_WHAT TO WORK ON_.
Give the number of lines in the records below that include "Flip", and nothing more.

_DATASET EXTRACT_.
········

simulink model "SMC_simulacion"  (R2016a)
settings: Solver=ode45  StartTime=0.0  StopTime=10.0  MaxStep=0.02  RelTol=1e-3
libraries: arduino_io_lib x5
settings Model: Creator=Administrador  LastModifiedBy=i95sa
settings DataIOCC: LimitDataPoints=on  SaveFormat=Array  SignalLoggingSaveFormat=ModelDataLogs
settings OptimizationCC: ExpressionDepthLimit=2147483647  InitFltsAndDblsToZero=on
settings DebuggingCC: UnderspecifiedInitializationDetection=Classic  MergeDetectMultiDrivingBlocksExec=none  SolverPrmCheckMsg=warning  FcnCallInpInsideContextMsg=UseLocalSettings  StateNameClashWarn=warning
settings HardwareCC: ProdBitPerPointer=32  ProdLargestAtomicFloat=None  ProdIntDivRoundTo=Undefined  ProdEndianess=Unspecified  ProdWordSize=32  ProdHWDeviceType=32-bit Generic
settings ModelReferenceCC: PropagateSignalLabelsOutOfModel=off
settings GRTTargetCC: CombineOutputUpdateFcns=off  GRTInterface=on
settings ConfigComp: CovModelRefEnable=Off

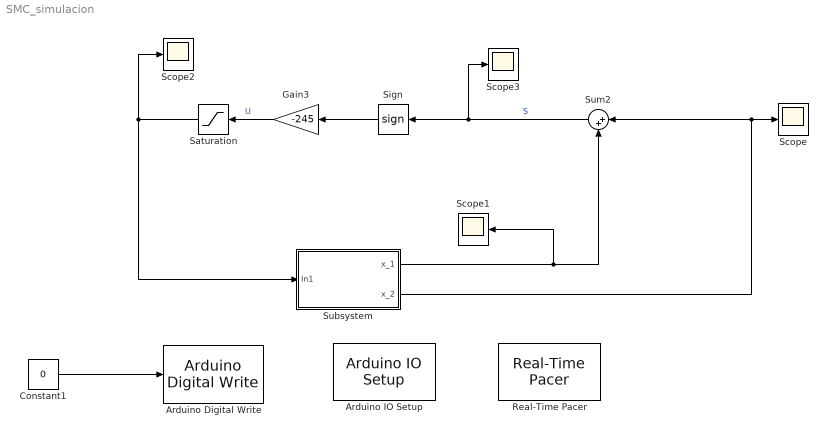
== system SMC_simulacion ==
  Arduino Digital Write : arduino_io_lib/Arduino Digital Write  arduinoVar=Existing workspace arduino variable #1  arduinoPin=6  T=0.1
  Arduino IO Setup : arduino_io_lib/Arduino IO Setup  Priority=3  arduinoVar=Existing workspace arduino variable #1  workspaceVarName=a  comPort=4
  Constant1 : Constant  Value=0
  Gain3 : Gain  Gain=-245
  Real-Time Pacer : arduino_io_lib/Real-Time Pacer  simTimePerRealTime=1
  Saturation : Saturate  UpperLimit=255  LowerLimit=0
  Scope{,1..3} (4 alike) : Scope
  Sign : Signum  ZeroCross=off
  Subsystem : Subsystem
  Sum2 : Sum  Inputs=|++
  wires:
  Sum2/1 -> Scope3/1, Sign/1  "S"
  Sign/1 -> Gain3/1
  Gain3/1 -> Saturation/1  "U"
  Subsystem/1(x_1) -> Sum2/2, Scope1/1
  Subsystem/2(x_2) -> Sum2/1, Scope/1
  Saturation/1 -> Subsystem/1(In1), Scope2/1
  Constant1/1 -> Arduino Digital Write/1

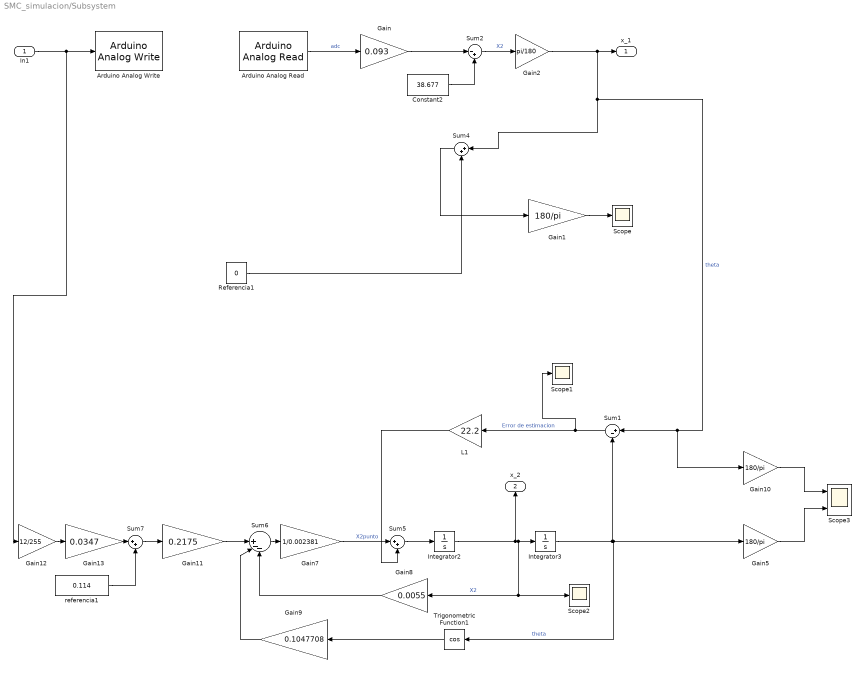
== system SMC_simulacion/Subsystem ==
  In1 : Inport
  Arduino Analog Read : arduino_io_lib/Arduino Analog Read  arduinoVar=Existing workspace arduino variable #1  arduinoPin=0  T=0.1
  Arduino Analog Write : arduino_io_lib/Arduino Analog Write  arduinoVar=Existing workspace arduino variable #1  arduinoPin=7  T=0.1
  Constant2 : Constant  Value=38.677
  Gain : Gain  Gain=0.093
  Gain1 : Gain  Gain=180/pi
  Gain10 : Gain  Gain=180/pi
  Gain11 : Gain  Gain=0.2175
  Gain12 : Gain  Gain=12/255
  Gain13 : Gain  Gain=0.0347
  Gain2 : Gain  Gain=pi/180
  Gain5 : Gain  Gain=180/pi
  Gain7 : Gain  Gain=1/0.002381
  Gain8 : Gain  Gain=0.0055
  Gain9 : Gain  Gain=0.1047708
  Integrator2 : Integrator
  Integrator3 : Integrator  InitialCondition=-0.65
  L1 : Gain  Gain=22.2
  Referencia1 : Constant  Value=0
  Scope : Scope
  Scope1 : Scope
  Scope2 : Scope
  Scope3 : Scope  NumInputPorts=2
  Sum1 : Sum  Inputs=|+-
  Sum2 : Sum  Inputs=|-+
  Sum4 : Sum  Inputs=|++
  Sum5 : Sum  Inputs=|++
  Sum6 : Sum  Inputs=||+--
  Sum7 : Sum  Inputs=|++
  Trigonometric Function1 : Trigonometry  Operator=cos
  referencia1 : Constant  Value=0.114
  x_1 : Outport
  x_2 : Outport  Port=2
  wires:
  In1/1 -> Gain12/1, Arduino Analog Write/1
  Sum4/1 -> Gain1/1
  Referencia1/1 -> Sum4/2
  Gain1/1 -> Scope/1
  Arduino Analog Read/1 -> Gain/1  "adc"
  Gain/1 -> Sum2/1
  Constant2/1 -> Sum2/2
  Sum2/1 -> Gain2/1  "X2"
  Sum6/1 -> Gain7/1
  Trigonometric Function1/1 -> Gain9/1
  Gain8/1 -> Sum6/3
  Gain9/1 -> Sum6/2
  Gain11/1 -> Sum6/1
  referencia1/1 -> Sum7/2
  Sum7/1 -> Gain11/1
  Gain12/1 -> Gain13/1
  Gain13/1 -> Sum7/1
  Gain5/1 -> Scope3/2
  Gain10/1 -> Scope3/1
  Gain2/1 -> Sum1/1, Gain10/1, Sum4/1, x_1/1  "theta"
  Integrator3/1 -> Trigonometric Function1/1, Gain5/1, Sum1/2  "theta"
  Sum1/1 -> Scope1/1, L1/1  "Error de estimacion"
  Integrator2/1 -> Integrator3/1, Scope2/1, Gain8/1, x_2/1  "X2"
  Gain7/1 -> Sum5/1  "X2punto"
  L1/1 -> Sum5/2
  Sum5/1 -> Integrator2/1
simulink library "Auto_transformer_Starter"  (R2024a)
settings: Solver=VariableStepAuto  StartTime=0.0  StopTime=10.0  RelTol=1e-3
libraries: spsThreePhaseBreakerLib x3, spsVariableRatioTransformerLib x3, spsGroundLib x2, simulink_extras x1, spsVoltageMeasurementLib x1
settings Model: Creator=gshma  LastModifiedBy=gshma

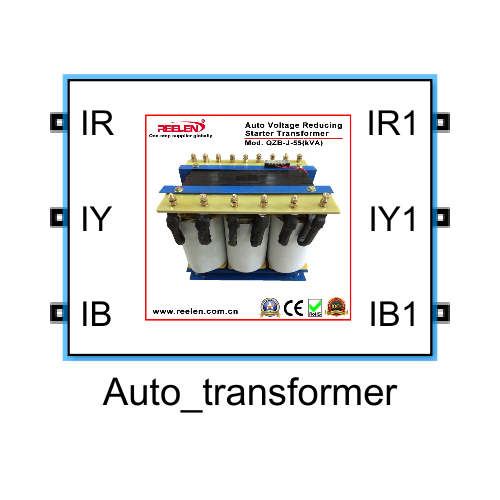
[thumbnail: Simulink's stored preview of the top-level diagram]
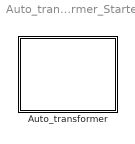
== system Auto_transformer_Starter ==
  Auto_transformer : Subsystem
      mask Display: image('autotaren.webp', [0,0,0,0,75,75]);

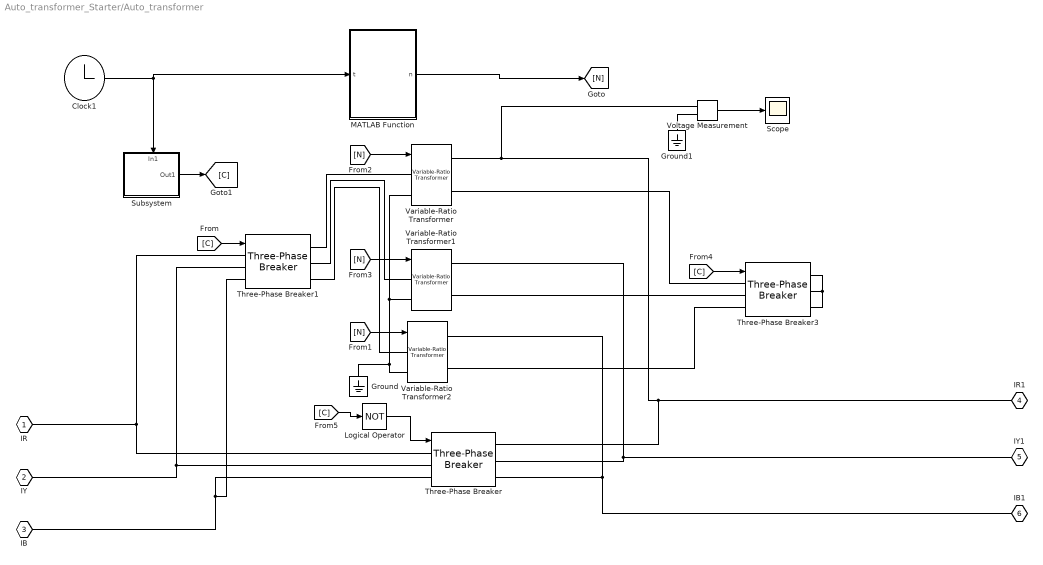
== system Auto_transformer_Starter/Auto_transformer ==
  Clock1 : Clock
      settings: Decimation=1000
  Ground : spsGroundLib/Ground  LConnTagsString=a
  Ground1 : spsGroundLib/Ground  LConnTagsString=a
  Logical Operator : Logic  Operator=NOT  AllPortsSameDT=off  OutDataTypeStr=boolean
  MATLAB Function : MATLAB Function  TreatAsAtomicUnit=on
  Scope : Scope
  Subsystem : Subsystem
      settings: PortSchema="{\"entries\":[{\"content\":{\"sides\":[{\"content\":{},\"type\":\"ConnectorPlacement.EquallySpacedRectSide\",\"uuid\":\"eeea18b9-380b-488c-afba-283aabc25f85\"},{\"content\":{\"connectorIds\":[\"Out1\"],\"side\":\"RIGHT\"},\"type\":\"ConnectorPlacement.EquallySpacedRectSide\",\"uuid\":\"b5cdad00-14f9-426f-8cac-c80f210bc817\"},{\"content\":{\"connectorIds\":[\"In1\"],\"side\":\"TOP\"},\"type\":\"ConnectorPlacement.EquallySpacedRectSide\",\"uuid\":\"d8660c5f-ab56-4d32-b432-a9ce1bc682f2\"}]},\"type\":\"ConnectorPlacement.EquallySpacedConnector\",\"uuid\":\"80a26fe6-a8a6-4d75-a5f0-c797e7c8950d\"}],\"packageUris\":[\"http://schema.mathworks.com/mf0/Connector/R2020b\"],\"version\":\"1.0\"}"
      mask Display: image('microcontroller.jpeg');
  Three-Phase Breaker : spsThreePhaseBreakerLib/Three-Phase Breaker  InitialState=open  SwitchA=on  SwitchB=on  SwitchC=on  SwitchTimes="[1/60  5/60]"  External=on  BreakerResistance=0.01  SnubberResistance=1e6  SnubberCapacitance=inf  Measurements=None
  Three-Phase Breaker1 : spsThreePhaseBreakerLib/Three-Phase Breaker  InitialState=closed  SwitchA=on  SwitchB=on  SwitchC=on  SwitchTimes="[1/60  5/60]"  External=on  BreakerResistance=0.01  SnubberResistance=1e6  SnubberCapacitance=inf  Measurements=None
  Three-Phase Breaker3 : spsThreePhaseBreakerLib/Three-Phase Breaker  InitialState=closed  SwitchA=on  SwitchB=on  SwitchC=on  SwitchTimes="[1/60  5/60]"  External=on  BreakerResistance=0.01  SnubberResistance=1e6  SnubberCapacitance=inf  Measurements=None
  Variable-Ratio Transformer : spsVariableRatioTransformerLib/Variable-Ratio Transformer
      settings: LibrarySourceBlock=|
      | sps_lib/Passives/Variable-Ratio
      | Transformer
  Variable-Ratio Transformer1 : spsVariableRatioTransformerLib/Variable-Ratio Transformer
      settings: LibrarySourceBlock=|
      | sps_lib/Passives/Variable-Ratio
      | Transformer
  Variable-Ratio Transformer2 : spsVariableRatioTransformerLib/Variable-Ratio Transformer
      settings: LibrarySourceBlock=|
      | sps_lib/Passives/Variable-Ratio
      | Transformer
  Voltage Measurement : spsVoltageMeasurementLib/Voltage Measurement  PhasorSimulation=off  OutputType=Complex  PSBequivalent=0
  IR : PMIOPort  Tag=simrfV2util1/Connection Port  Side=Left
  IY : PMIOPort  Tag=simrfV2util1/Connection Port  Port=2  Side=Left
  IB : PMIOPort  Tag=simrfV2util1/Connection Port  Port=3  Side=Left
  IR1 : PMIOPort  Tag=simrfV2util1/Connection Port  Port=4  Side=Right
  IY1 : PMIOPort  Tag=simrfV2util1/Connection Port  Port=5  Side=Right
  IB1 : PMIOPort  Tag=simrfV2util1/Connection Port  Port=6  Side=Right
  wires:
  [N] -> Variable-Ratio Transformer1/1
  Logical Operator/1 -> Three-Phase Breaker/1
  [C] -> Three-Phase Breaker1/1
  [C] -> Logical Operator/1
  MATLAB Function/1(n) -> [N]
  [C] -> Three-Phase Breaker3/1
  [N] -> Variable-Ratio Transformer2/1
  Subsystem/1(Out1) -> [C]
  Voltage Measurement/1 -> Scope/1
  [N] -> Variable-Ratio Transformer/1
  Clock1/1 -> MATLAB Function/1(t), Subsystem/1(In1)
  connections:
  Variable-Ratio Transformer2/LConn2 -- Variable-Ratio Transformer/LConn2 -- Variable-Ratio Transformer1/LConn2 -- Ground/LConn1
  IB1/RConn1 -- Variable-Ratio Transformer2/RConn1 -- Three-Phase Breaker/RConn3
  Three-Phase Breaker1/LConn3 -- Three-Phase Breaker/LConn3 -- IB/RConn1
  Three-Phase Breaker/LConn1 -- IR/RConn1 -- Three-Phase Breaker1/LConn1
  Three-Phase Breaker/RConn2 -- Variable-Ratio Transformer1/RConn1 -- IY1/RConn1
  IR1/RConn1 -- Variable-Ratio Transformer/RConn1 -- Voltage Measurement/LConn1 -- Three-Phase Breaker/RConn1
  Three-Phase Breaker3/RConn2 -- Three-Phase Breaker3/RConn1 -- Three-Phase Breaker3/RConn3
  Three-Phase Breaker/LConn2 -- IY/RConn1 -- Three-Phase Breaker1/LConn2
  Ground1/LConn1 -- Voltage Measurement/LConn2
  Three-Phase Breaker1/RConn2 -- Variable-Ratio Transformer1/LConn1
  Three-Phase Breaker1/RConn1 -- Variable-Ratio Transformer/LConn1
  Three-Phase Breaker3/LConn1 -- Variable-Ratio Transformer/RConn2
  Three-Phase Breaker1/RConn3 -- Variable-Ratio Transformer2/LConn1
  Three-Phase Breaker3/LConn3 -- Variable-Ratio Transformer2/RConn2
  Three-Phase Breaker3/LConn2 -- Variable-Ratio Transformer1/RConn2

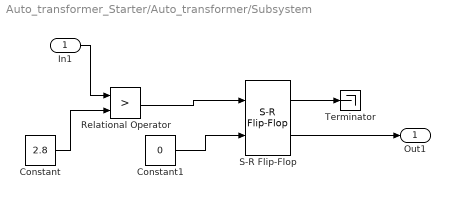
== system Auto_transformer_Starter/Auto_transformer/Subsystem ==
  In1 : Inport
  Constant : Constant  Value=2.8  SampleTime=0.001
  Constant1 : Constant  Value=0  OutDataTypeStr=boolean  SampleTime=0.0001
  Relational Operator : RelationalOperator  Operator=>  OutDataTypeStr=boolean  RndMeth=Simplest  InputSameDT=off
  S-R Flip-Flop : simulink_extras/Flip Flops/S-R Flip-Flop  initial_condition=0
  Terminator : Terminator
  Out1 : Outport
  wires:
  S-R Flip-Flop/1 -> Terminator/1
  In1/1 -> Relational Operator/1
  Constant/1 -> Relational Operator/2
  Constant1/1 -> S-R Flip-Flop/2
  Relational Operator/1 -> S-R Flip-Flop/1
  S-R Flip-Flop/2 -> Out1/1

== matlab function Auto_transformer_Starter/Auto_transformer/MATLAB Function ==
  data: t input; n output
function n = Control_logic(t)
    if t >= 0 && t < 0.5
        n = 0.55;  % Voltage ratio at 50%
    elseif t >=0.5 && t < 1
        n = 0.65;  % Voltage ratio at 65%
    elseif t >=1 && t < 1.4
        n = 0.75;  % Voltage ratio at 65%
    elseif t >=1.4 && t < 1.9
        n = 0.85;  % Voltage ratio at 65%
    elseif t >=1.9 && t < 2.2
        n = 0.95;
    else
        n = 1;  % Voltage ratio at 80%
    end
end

········

_OUTPUT_.
5